►

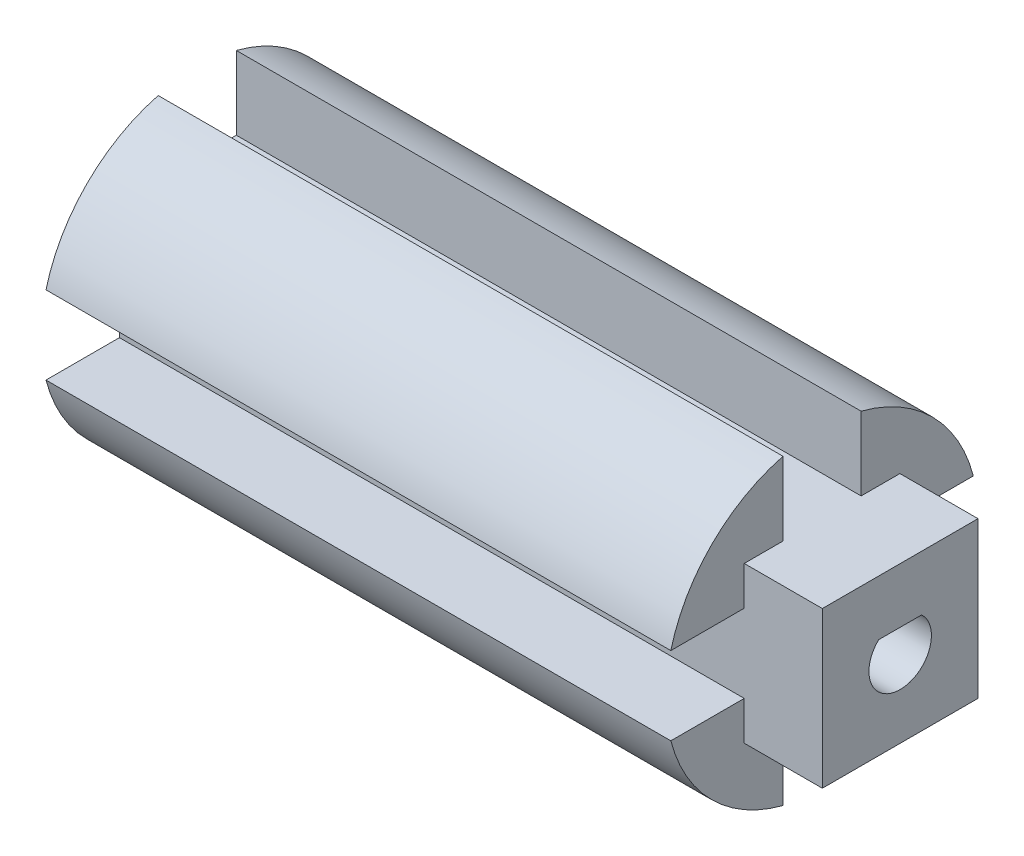
ISO-10303-21;
HEADER;
FILE_DESCRIPTION(('STEP AP214'),'2;1');
FILE_NAME('part.step','',(''),(''),'','','');
FILE_SCHEMA(('AUTOMOTIVE_DESIGN { 1 0 10303 214 1 1 1 1 }'));
ENDSEC;
DATA;
#1=APPLICATION_CONTEXT('core data for automotive mechanical design processes');
#2=APPLICATION_PROTOCOL_DEFINITION('international standard','automotive_design',2000,#1);
#3=PRODUCT_CONTEXT('',#1,'mechanical');
#4=PRODUCT('Part','Part','',(#3));
#5=PRODUCT_RELATED_PRODUCT_CATEGORY('part','',(#4));
#6=PRODUCT_DEFINITION_FORMATION('','',#4);
#7=PRODUCT_DEFINITION_CONTEXT('part definition',#1,'design');
#8=PRODUCT_DEFINITION('design','',#6,#7);
#9=PRODUCT_DEFINITION_SHAPE('','',#8);
#10=(LENGTH_UNIT() NAMED_UNIT(*) SI_UNIT(.MILLI.,.METRE.));
#11=(NAMED_UNIT(*) PLANE_ANGLE_UNIT() SI_UNIT($,.RADIAN.));
#12=(NAMED_UNIT(*) SI_UNIT($,.STERADIAN.) SOLID_ANGLE_UNIT());
#13=UNCERTAINTY_MEASURE_WITH_UNIT(LENGTH_MEASURE(1.E-05),#10,'distance_accuracy_value','');
#14=(GEOMETRIC_REPRESENTATION_CONTEXT(3) GLOBAL_UNCERTAINTY_ASSIGNED_CONTEXT((#13)) GLOBAL_UNIT_ASSIGNED_CONTEXT((#10,
#11,#12)) REPRESENTATION_CONTEXT('',''));
#15=CARTESIAN_POINT('',(0.,0.,0.));
#16=DIRECTION('',(0.,0.,1.));
#17=DIRECTION('',(1.,0.,0.));
#18=AXIS2_PLACEMENT_3D('',#15,#16,#17);
#19=CARTESIAN_POINT('',(90.,5.,0.));
#20=DIRECTION('',(0.,1.,0.));
#21=DIRECTION('',(0.,0.,1.));
#22=AXIS2_PLACEMENT_3D('',#19,#20,#21);
#23=PLANE('',#22);
#24=DIRECTION('',(0.,0.,-1.));
#25=VECTOR('',#24,1.);
#26=CARTESIAN_POINT('',(80.,5.,0.));
#27=LINE('',#26,#25);
#28=CARTESIAN_POINT('',(80.,5.,-9.96491673103709));
#29=VERTEX_POINT('',#28);
#30=CARTESIAN_POINT('',(80.,5.,-19.3649167310371));
#31=VERTEX_POINT('',#30);
#32=EDGE_CURVE('E199',#29,#31,#27,.T.);
#33=ORIENTED_EDGE('',*,*,#32,.F.);
#34=DIRECTION('',(-1.,0.,0.));
#35=VECTOR('',#34,1.);
#36=CARTESIAN_POINT('',(90.,5.,-9.96491673103709));
#37=LINE('',#36,#35);
#38=CARTESIAN_POINT('',(0.,5.,-9.96491673103709));
#39=VERTEX_POINT('',#38);
#40=EDGE_CURVE('E194',#29,#39,#37,.T.);
#41=ORIENTED_EDGE('',*,*,#40,.T.);
#42=DIRECTION('',(0.,0.,-1.));
#43=VECTOR('',#42,1.);
#44=CARTESIAN_POINT('',(0.,5.,0.));
#45=LINE('',#44,#43);
#46=CARTESIAN_POINT('',(0.,5.,-19.3649167310371));
#47=VERTEX_POINT('',#46);
#48=EDGE_CURVE('E302',#39,#47,#45,.T.);
#49=ORIENTED_EDGE('',*,*,#48,.T.);
#50=DIRECTION('',(-1.,0.,0.));
#51=VECTOR('',#50,1.);
#52=CARTESIAN_POINT('',(90.,5.,-19.3649167310371));
#53=LINE('',#52,#51);
#54=EDGE_CURVE('E11',#31,#47,#53,.T.);
#55=ORIENTED_EDGE('',*,*,#54,.F.);
#56=EDGE_LOOP('',(#33,#41,#49,#55));
#57=FACE_BOUND('',#56,.T.);
#58=ADVANCED_FACE('F40',(#57),#23,.F.);
#59=CARTESIAN_POINT('',(90.,0.,0.));
#60=DIRECTION('',(-1.,0.,0.));
#61=DIRECTION('',(0.,0.,1.));
#62=AXIS2_PLACEMENT_3D('',#59,#60,#61);
#63=CYLINDRICAL_SURFACE('',#62,20.);
#64=CARTESIAN_POINT('',(80.,0.,0.));
#65=DIRECTION('',(1.,0.,0.));
#66=DIRECTION('',(0.,0.,-1.));
#67=AXIS2_PLACEMENT_3D('',#64,#65,#66);
#68=CIRCLE('',#67,20.);
#69=CARTESIAN_POINT('',(80.,19.3649167310371,-5.));
#70=VERTEX_POINT('',#69);
#71=EDGE_CURVE('E225',#31,#70,#68,.T.);
#72=ORIENTED_EDGE('',*,*,#71,.F.);
#73=ORIENTED_EDGE('',*,*,#54,.T.);
#74=CARTESIAN_POINT('',(0.,0.,0.));
#75=DIRECTION('',(1.,0.,0.));
#76=DIRECTION('',(0.,0.,-1.));
#77=AXIS2_PLACEMENT_3D('',#74,#75,#76);
#78=CIRCLE('',#77,20.);
#79=CARTESIAN_POINT('',(0.,19.3649167310371,-5.));
#80=VERTEX_POINT('',#79);
#81=EDGE_CURVE('E319',#47,#80,#78,.T.);
#82=ORIENTED_EDGE('',*,*,#81,.T.);
#83=DIRECTION('',(-1.,0.,0.));
#84=VECTOR('',#83,1.);
#85=CARTESIAN_POINT('',(90.,19.3649167310371,-5.));
#86=LINE('',#85,#84);
#87=EDGE_CURVE('E48',#70,#80,#86,.T.);
#88=ORIENTED_EDGE('',*,*,#87,.F.);
#89=EDGE_LOOP('',(#72,#73,#82,#88));
#90=FACE_BOUND('',#89,.T.);
#91=ADVANCED_FACE('F417',(#90),#63,.T.);
#92=CARTESIAN_POINT('',(90.,0.,-5.));
#93=DIRECTION('',(0.,0.,1.));
#94=DIRECTION('',(0.,-1.,0.));
#95=AXIS2_PLACEMENT_3D('',#92,#93,#94);
#96=PLANE('',#95);
#97=DIRECTION('',(-1.,0.,0.));
#98=VECTOR('',#97,1.);
#99=CARTESIAN_POINT('',(90.,9.96491673103709,-5.));
#100=LINE('',#99,#98);
#101=CARTESIAN_POINT('',(80.,9.96491673103709,-5.));
#102=VERTEX_POINT('',#101);
#103=CARTESIAN_POINT('',(0.,9.96491673103709,-5.));
#104=VERTEX_POINT('',#103);
#105=EDGE_CURVE('E407',#102,#104,#100,.T.);
#106=ORIENTED_EDGE('',*,*,#105,.F.);
#107=DIRECTION('',(0.,-1.,0.));
#108=VECTOR('',#107,1.);
#109=CARTESIAN_POINT('',(80.,0.,-5.));
#110=LINE('',#109,#108);
#111=EDGE_CURVE('E211',#70,#102,#110,.T.);
#112=ORIENTED_EDGE('',*,*,#111,.F.);
#113=ORIENTED_EDGE('',*,*,#87,.T.);
#114=DIRECTION('',(0.,1.,0.));
#115=VECTOR('',#114,1.);
#116=CARTESIAN_POINT('',(0.,0.,-5.));
#117=LINE('',#116,#115);
#118=EDGE_CURVE('E323',#104,#80,#117,.T.);
#119=ORIENTED_EDGE('',*,*,#118,.F.);
#120=EDGE_LOOP('',(#106,#112,#113,#119));
#121=FACE_BOUND('',#120,.T.);
#122=ADVANCED_FACE('F413',(#121),#96,.T.);
#123=CARTESIAN_POINT('',(90.,0.,5.));
#124=DIRECTION('',(0.,0.,1.));
#125=DIRECTION('',(0.,-1.,0.));
#126=AXIS2_PLACEMENT_3D('',#123,#124,#125);
#127=PLANE('',#126);
#128=DIRECTION('',(0.,1.,0.));
#129=VECTOR('',#128,1.);
#130=CARTESIAN_POINT('',(80.,0.,5.));
#131=LINE('',#130,#129);
#132=CARTESIAN_POINT('',(80.,9.96491673103709,5.));
#133=VERTEX_POINT('',#132);
#134=CARTESIAN_POINT('',(80.,19.3649167310371,5.));
#135=VERTEX_POINT('',#134);
#136=EDGE_CURVE('E270',#133,#135,#131,.T.);
#137=ORIENTED_EDGE('',*,*,#136,.F.);
#138=DIRECTION('',(-1.,0.,0.));
#139=VECTOR('',#138,1.);
#140=CARTESIAN_POINT('',(90.,9.96491673103709,5.));
#141=LINE('',#140,#139);
#142=CARTESIAN_POINT('',(0.,9.96491673103709,5.));
#143=VERTEX_POINT('',#142);
#144=EDGE_CURVE('E404',#133,#143,#141,.T.);
#145=ORIENTED_EDGE('',*,*,#144,.T.);
#146=DIRECTION('',(0.,1.,0.));
#147=VECTOR('',#146,1.);
#148=CARTESIAN_POINT('',(0.,0.,5.));
#149=LINE('',#148,#147);
#150=CARTESIAN_POINT('',(0.,19.3649167310371,5.));
#151=VERTEX_POINT('',#150);
#152=EDGE_CURVE('E333',#143,#151,#149,.T.);
#153=ORIENTED_EDGE('',*,*,#152,.T.);
#154=DIRECTION('',(-1.,0.,0.));
#155=VECTOR('',#154,1.);
#156=CARTESIAN_POINT('',(90.,19.3649167310371,5.));
#157=LINE('',#156,#155);
#158=EDGE_CURVE('E401',#135,#151,#157,.T.);
#159=ORIENTED_EDGE('',*,*,#158,.F.);
#160=EDGE_LOOP('',(#137,#145,#153,#159));
#161=FACE_BOUND('',#160,.T.);
#162=ADVANCED_FACE('F428',(#161),#127,.F.);
#163=CARTESIAN_POINT('',(80.,0.,0.));
#164=DIRECTION('',(1.,0.,0.));
#165=DIRECTION('',(0.,0.,-1.));
#166=AXIS2_PLACEMENT_3D('',#163,#164,#165);
#167=CIRCLE('',#166,20.);
#168=CARTESIAN_POINT('',(80.,5.,19.3649167310371));
#169=VERTEX_POINT('',#168);
#170=EDGE_CURVE('E273',#135,#169,#167,.T.);
#171=ORIENTED_EDGE('',*,*,#170,.F.);
#172=ORIENTED_EDGE('',*,*,#158,.T.);
#173=CARTESIAN_POINT('',(0.,5.,19.3649167310371));
#174=VERTEX_POINT('',#173);
#175=EDGE_CURVE('E325',#151,#174,#78,.T.);
#176=ORIENTED_EDGE('',*,*,#175,.T.);
#177=DIRECTION('',(-1.,0.,0.));
#178=VECTOR('',#177,1.);
#179=CARTESIAN_POINT('',(90.,5.,19.3649167310371));
#180=LINE('',#179,#178);
#181=EDGE_CURVE('E398',#169,#174,#180,.T.);
#182=ORIENTED_EDGE('',*,*,#181,.F.);
#183=EDGE_LOOP('',(#171,#172,#176,#182));
#184=FACE_BOUND('',#183,.T.);
#185=ADVANCED_FACE('F437',(#184),#63,.T.);
#186=CARTESIAN_POINT('',(90.,5.,0.));
#187=DIRECTION('',(0.,1.,0.));
#188=DIRECTION('',(0.,0.,1.));
#189=AXIS2_PLACEMENT_3D('',#186,#187,#188);
#190=PLANE('',#189);
#191=DIRECTION('',(0.,0.,-1.));
#192=VECTOR('',#191,1.);
#193=CARTESIAN_POINT('',(80.,5.,0.));
#194=LINE('',#193,#192);
#195=CARTESIAN_POINT('',(80.,5.,9.96491673103709));
#196=VERTEX_POINT('',#195);
#197=EDGE_CURVE('E276',#169,#196,#194,.T.);
#198=ORIENTED_EDGE('',*,*,#197,.F.);
#199=ORIENTED_EDGE('',*,*,#181,.T.);
#200=DIRECTION('',(0.,0.,-1.));
#201=VECTOR('',#200,1.);
#202=CARTESIAN_POINT('',(0.,5.,0.));
#203=LINE('',#202,#201);
#204=CARTESIAN_POINT('',(0.,5.,9.96491673103709));
#205=VERTEX_POINT('',#204);
#206=EDGE_CURVE('E337',#174,#205,#203,.T.);
#207=ORIENTED_EDGE('',*,*,#206,.T.);
#208=DIRECTION('',(-1.,0.,0.));
#209=VECTOR('',#208,1.);
#210=CARTESIAN_POINT('',(90.,5.,9.96491673103709));
#211=LINE('',#210,#209);
#212=EDGE_CURVE('E395',#196,#205,#211,.T.);
#213=ORIENTED_EDGE('',*,*,#212,.F.);
#214=EDGE_LOOP('',(#198,#199,#207,#213));
#215=FACE_BOUND('',#214,.T.);
#216=ADVANCED_FACE('F441',(#215),#190,.F.);
#217=CARTESIAN_POINT('',(90.,-5.,0.));
#218=DIRECTION('',(0.,1.,0.));
#219=DIRECTION('',(0.,0.,1.));
#220=AXIS2_PLACEMENT_3D('',#217,#218,#219);
#221=PLANE('',#220);
#222=DIRECTION('',(-1.,0.,0.));
#223=VECTOR('',#222,1.);
#224=CARTESIAN_POINT('',(90.,-5.,19.3649167310371));
#225=LINE('',#224,#223);
#226=CARTESIAN_POINT('',(80.,-4.99999999999999,19.3649167310371));
#227=VERTEX_POINT('',#226);
#228=CARTESIAN_POINT('',(0.,-5.,19.3649167310371));
#229=VERTEX_POINT('',#228);
#230=EDGE_CURVE('E389',#227,#229,#225,.T.);
#231=ORIENTED_EDGE('',*,*,#230,.F.);
#232=DIRECTION('',(0.,0.,1.));
#233=VECTOR('',#232,1.);
#234=CARTESIAN_POINT('',(80.,-5.,0.));
#235=LINE('',#234,#233);
#236=CARTESIAN_POINT('',(80.,-5.,9.96491673103709));
#237=VERTEX_POINT('',#236);
#238=EDGE_CURVE('E252',#237,#227,#235,.T.);
#239=ORIENTED_EDGE('',*,*,#238,.F.);
#240=DIRECTION('',(-1.,0.,0.));
#241=VECTOR('',#240,1.);
#242=CARTESIAN_POINT('',(90.,-5.,9.96491673103709));
#243=LINE('',#242,#241);
#244=CARTESIAN_POINT('',(0.,-5.,9.96491673103709));
#245=VERTEX_POINT('',#244);
#246=EDGE_CURVE('E392',#237,#245,#243,.T.);
#247=ORIENTED_EDGE('',*,*,#246,.T.);
#248=DIRECTION('',(0.,0.,-1.));
#249=VECTOR('',#248,1.);
#250=CARTESIAN_POINT('',(0.,-5.,0.));
#251=LINE('',#250,#249);
#252=EDGE_CURVE('E345',#229,#245,#251,.T.);
#253=ORIENTED_EDGE('',*,*,#252,.F.);
#254=EDGE_LOOP('',(#231,#239,#247,#253));
#255=FACE_BOUND('',#254,.T.);
#256=ADVANCED_FACE('F486',(#255),#221,.T.);
#257=CARTESIAN_POINT('',(80.,0.,0.));
#258=DIRECTION('',(1.,0.,0.));
#259=DIRECTION('',(0.,0.,-1.));
#260=AXIS2_PLACEMENT_3D('',#257,#258,#259);
#261=CIRCLE('',#260,20.);
#262=CARTESIAN_POINT('',(80.,-19.3649167310371,5.));
#263=VERTEX_POINT('',#262);
#264=EDGE_CURVE('E255',#227,#263,#261,.T.);
#265=ORIENTED_EDGE('',*,*,#264,.F.);
#266=ORIENTED_EDGE('',*,*,#230,.T.);
#267=CARTESIAN_POINT('',(0.,-19.3649167310371,5.));
#268=VERTEX_POINT('',#267);
#269=EDGE_CURVE('E349',#229,#268,#78,.T.);
#270=ORIENTED_EDGE('',*,*,#269,.T.);
#271=DIRECTION('',(-1.,0.,0.));
#272=VECTOR('',#271,1.);
#273=CARTESIAN_POINT('',(90.,-19.3649167310371,5.));
#274=LINE('',#273,#272);
#275=EDGE_CURVE('E386',#263,#268,#274,.T.);
#276=ORIENTED_EDGE('',*,*,#275,.F.);
#277=EDGE_LOOP('',(#265,#266,#270,#276));
#278=FACE_BOUND('',#277,.T.);
#279=ADVANCED_FACE('F475',(#278),#63,.T.);
#280=CARTESIAN_POINT('',(90.,0.,5.));
#281=DIRECTION('',(0.,0.,1.));
#282=DIRECTION('',(0.,-1.,0.));
#283=AXIS2_PLACEMENT_3D('',#280,#281,#282);
#284=PLANE('',#283);
#285=DIRECTION('',(0.,1.,0.));
#286=VECTOR('',#285,1.);
#287=CARTESIAN_POINT('',(80.,0.,5.));
#288=LINE('',#287,#286);
#289=CARTESIAN_POINT('',(80.,-9.96491673103708,5.));
#290=VERTEX_POINT('',#289);
#291=EDGE_CURVE('E258',#263,#290,#288,.T.);
#292=ORIENTED_EDGE('',*,*,#291,.F.);
#293=ORIENTED_EDGE('',*,*,#275,.T.);
#294=DIRECTION('',(0.,1.,0.));
#295=VECTOR('',#294,1.);
#296=CARTESIAN_POINT('',(0.,0.,5.));
#297=LINE('',#296,#295);
#298=CARTESIAN_POINT('',(0.,-9.96491673103708,5.));
#299=VERTEX_POINT('',#298);
#300=EDGE_CURVE('E350',#268,#299,#297,.T.);
#301=ORIENTED_EDGE('',*,*,#300,.T.);
#302=DIRECTION('',(-1.,0.,0.));
#303=VECTOR('',#302,1.);
#304=CARTESIAN_POINT('',(90.,-9.96491673103708,5.));
#305=LINE('',#304,#303);
#306=EDGE_CURVE('E383',#290,#299,#305,.T.);
#307=ORIENTED_EDGE('',*,*,#306,.F.);
#308=EDGE_LOOP('',(#292,#293,#301,#307));
#309=FACE_BOUND('',#308,.T.);
#310=ADVANCED_FACE('F483',(#309),#284,.F.);
#311=CARTESIAN_POINT('',(90.,0.,-5.));
#312=DIRECTION('',(0.,0.,1.));
#313=DIRECTION('',(0.,-1.,0.));
#314=AXIS2_PLACEMENT_3D('',#311,#312,#313);
#315=PLANE('',#314);
#316=DIRECTION('',(-1.,0.,0.));
#317=VECTOR('',#316,1.);
#318=CARTESIAN_POINT('',(90.,-19.3649167310371,-5.));
#319=LINE('',#318,#317);
#320=CARTESIAN_POINT('',(80.,-19.3649167310371,-5.));
#321=VERTEX_POINT('',#320);
#322=CARTESIAN_POINT('',(0.,-19.3649167310371,-5.));
#323=VERTEX_POINT('',#322);
#324=EDGE_CURVE('E377',#321,#323,#319,.T.);
#325=ORIENTED_EDGE('',*,*,#324,.F.);
#326=DIRECTION('',(0.,-1.,0.));
#327=VECTOR('',#326,1.);
#328=CARTESIAN_POINT('',(80.,0.,-5.));
#329=LINE('',#328,#327);
#330=CARTESIAN_POINT('',(80.,-9.96491673103708,-5.));
#331=VERTEX_POINT('',#330);
#332=EDGE_CURVE('E237',#331,#321,#329,.T.);
#333=ORIENTED_EDGE('',*,*,#332,.F.);
#334=DIRECTION('',(-1.,0.,0.));
#335=VECTOR('',#334,1.);
#336=CARTESIAN_POINT('',(90.,-9.96491673103708,-5.));
#337=LINE('',#336,#335);
#338=CARTESIAN_POINT('',(0.,-9.96491673103708,-5.));
#339=VERTEX_POINT('',#338);
#340=EDGE_CURVE('E380',#331,#339,#337,.T.);
#341=ORIENTED_EDGE('',*,*,#340,.T.);
#342=DIRECTION('',(0.,1.,0.));
#343=VECTOR('',#342,1.);
#344=CARTESIAN_POINT('',(0.,0.,-5.));
#345=LINE('',#344,#343);
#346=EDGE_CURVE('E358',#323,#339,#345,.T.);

◄

* **Work task**
Show all of the lines above in which "CIRCLE" is present.

* **Answer**
#68=CIRCLE('',#67,20.);
#78=CIRCLE('',#77,20.);
#167=CIRCLE('',#166,20.);
#261=CIRCLE('',#260,20.);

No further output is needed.